Amiran Sanaia

Personal information
- Date of birth: 3 September 1989 (age 36)
- Place of birth: Sukhumi, Soviet Union
- Height: 1.81 m (5 ft 11 in)
- Position: Left-back

Senior career*
- Years: Team / Apps / (Gls)
- 2005–2008: FC Zestafoni / 1 / (0)
- 2008–2010: Le Mans / 0 / (0)
- 2011–2012: Bastia / 16 / (0)
- 2013–2014: Luzenac / 27 / (1)
- 2014–2016: Paris FC / 3 / (0)
- 2015: Paris FC II / 11 / (0)
- 2016–2017: Les Herbiers / 8 / (0)
- 2017–2023: Rodez / 92 / (0)
- 2020–2023: Rodez II / 3 / (0)

International career
- 2005: Georgia U17 / 2 / (0)
- 2006–2007: Georgia U19 / 4 / (0)
- 2008–2010: Georgia U21 / 6 / (0)
- 2007–2009: Georgia / 6 / (0)

= Amiran Sanaia =

Georgian footballer

Amiran Sanaia (ამირან სანაია; born 3 September 1989) is a Georgian former professional footballer who played as a left-back.

==Club career==
Born in the Soviet Union, Sanaia moved to France to play club football with Le Mans FC in 2007. He has since played for SC Bastia, Luzenac AP, Paris FC, Les Herbiers VF and Rodez.

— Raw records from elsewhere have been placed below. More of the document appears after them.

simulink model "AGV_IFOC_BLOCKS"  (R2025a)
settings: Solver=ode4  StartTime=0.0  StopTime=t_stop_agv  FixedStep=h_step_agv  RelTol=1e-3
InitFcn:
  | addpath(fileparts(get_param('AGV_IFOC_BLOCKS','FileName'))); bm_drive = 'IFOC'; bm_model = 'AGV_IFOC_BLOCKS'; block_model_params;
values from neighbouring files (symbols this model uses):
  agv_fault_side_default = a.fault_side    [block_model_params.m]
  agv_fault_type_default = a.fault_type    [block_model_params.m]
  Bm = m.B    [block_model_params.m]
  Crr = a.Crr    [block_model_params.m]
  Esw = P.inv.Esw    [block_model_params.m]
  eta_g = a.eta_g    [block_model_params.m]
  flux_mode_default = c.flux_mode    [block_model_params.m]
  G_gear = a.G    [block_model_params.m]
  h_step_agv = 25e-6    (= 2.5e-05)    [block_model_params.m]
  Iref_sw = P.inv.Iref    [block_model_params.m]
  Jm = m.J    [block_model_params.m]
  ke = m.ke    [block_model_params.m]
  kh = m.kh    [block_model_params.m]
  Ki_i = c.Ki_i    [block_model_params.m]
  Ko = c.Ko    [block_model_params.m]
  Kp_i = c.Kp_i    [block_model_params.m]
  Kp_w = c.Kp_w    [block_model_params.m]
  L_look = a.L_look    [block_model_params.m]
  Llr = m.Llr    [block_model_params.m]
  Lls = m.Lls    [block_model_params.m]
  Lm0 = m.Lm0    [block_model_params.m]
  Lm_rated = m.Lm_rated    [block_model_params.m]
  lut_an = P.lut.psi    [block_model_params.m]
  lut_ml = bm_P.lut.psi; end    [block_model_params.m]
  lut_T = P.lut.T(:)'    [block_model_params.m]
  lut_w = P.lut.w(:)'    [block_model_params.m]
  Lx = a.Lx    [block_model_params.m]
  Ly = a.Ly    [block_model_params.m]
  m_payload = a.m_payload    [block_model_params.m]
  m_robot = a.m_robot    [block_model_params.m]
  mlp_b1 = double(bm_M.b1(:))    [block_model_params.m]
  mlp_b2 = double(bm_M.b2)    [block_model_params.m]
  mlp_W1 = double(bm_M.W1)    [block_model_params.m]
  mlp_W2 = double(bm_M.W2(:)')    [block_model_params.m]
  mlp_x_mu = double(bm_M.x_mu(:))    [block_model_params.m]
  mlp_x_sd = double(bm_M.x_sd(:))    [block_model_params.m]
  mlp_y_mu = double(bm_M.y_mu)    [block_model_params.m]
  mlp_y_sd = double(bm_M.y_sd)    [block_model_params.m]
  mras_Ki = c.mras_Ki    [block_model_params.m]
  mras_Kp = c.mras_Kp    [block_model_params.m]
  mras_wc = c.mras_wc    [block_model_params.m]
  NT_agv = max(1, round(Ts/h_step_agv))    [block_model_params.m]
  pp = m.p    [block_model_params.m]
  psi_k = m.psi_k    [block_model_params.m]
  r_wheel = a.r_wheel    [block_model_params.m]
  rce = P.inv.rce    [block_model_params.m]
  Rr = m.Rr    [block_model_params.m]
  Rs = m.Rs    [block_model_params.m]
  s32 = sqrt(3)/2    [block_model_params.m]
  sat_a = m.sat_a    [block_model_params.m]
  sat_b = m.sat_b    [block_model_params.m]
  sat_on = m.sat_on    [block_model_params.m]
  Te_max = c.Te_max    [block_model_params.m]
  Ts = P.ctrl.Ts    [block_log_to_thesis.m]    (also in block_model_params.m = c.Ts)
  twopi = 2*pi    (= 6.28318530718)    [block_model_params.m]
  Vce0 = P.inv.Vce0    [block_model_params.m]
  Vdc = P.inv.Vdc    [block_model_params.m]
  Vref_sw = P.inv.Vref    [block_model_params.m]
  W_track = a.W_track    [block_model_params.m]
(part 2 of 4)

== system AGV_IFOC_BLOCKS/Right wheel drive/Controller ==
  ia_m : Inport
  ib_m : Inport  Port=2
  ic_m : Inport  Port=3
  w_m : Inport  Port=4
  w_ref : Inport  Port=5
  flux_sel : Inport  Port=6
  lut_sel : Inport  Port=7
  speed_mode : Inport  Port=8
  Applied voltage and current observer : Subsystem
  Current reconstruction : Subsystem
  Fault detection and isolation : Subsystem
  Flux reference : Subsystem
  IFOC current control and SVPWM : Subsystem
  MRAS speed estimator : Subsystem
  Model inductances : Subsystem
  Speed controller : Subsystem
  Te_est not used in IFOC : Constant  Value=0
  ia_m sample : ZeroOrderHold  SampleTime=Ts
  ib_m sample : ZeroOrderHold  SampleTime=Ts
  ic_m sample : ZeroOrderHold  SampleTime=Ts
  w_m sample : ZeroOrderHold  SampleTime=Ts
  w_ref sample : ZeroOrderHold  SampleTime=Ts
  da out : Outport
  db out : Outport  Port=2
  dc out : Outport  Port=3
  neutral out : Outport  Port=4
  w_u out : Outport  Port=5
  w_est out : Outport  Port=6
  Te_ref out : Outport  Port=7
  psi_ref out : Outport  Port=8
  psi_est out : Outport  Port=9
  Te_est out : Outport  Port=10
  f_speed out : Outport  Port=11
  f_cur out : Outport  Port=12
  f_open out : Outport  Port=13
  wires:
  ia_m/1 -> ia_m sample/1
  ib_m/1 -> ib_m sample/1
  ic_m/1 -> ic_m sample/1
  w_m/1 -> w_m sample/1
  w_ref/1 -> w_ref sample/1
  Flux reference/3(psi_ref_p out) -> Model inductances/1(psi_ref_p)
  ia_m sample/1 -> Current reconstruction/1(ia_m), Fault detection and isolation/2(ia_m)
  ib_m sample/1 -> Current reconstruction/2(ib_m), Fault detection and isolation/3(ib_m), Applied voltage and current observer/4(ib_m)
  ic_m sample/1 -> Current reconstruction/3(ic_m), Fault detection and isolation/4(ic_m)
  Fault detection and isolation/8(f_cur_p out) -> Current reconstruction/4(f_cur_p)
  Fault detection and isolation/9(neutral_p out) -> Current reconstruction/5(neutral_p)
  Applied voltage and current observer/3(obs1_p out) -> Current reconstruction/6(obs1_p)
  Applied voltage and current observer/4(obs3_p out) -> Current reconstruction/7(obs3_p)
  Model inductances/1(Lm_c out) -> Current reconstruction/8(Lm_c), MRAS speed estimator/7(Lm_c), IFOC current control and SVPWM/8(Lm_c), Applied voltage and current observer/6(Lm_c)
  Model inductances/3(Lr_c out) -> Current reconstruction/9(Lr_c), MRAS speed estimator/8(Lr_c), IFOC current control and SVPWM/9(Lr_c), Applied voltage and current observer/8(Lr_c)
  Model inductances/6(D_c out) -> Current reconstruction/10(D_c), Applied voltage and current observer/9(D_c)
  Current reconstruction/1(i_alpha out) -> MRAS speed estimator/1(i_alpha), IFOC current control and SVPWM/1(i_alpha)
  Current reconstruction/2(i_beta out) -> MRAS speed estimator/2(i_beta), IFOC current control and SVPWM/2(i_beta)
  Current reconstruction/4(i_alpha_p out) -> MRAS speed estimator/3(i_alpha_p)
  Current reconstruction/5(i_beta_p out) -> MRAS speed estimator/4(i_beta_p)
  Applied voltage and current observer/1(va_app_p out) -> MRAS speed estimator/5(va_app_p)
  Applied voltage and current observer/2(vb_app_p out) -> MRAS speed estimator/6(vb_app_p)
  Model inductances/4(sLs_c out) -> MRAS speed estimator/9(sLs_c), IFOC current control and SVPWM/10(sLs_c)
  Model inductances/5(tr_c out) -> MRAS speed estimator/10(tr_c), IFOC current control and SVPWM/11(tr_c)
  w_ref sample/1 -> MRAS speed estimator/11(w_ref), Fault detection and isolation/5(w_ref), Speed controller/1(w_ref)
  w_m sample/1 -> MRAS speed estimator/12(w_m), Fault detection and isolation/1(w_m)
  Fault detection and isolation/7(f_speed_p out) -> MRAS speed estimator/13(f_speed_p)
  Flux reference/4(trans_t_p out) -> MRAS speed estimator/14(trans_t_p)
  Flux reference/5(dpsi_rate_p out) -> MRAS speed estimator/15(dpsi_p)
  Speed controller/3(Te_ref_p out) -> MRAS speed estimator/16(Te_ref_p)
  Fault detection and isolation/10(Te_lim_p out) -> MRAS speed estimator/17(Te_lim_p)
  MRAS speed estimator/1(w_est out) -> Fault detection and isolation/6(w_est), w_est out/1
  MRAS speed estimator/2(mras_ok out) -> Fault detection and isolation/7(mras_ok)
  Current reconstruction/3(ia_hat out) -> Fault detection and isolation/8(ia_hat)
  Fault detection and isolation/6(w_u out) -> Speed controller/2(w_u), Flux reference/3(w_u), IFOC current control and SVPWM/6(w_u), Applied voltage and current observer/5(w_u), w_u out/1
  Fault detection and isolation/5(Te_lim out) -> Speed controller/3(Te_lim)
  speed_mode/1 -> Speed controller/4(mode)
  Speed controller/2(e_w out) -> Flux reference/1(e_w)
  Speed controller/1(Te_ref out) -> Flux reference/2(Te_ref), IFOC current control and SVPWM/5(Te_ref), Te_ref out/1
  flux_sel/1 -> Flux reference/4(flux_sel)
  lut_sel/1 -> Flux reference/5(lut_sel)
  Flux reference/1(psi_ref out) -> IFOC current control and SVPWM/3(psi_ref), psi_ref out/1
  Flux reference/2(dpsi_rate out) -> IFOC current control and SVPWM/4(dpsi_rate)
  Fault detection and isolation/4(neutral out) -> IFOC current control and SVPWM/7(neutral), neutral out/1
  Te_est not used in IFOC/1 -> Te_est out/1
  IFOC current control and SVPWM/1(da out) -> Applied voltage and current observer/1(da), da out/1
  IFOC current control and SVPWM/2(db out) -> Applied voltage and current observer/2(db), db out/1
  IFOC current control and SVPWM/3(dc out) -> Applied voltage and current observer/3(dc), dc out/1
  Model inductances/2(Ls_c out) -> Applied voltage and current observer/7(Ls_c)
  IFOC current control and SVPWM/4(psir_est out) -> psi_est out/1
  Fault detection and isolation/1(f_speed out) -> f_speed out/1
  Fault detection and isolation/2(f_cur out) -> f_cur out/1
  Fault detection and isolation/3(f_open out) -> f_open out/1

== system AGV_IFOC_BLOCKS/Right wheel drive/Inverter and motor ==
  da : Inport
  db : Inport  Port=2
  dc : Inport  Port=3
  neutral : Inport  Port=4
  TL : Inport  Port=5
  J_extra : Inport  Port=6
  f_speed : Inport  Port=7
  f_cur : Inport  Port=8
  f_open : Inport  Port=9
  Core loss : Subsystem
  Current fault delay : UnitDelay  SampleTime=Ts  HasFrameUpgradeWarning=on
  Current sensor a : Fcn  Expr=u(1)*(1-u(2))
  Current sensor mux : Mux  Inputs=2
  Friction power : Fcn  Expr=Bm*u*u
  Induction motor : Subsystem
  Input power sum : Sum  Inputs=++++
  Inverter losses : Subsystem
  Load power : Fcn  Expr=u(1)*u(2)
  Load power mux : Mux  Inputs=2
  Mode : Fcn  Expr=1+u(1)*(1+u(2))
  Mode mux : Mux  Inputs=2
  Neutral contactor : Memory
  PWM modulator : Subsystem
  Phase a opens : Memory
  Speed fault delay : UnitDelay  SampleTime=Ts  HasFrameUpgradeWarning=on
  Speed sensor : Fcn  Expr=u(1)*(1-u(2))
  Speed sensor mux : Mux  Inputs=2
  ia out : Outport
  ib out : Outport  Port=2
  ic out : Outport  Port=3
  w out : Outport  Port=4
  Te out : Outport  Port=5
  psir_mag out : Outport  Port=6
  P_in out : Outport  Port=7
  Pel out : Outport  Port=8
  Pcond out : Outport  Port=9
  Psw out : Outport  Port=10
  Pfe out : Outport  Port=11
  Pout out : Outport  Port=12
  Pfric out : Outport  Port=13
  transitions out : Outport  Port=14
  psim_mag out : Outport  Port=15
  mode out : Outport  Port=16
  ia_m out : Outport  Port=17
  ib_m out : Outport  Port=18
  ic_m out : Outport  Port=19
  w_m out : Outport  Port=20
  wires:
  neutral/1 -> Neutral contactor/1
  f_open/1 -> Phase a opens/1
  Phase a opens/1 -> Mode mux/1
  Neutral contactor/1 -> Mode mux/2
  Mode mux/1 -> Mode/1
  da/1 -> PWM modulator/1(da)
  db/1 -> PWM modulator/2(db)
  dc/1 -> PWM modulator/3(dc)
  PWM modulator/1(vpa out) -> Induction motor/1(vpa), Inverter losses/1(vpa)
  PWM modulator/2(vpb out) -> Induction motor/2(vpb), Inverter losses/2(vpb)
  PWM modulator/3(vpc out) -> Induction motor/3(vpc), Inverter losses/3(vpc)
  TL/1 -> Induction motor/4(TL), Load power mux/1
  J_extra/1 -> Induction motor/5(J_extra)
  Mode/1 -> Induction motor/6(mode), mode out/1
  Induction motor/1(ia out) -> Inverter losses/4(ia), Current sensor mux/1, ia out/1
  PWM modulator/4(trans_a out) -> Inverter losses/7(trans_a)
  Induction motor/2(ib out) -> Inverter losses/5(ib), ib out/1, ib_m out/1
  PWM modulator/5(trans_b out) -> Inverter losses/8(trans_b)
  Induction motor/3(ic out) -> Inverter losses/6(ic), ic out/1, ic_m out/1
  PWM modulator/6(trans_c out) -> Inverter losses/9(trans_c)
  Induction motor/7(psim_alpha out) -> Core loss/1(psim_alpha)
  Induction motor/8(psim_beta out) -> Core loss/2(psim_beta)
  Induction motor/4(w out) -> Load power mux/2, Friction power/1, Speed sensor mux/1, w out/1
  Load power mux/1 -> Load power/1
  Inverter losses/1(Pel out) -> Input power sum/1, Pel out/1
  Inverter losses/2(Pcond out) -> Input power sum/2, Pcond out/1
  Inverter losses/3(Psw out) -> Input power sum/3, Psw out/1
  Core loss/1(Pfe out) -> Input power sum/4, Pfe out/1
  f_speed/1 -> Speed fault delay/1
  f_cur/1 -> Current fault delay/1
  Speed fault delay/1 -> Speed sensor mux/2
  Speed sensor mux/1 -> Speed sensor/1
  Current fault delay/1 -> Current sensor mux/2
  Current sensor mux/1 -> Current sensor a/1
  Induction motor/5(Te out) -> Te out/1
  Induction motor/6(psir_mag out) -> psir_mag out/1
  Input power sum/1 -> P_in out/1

Sanaia was forced to retire from playing upon the expiration of his contract with Rodez in 2023. He suffered from tissue cancer at his hip, the cancer treatment was successful, but he still was not able to train and play at full strength.

==International career==
Sanaia received his first call-up to the Georgia national team in November 2007. He made his Georgia debut on 16 November 2007, a friendly match 2–1 won against Qatar. He played another match on 31 May 2008 versus Portugal and on 12 August 2009 versus Malta.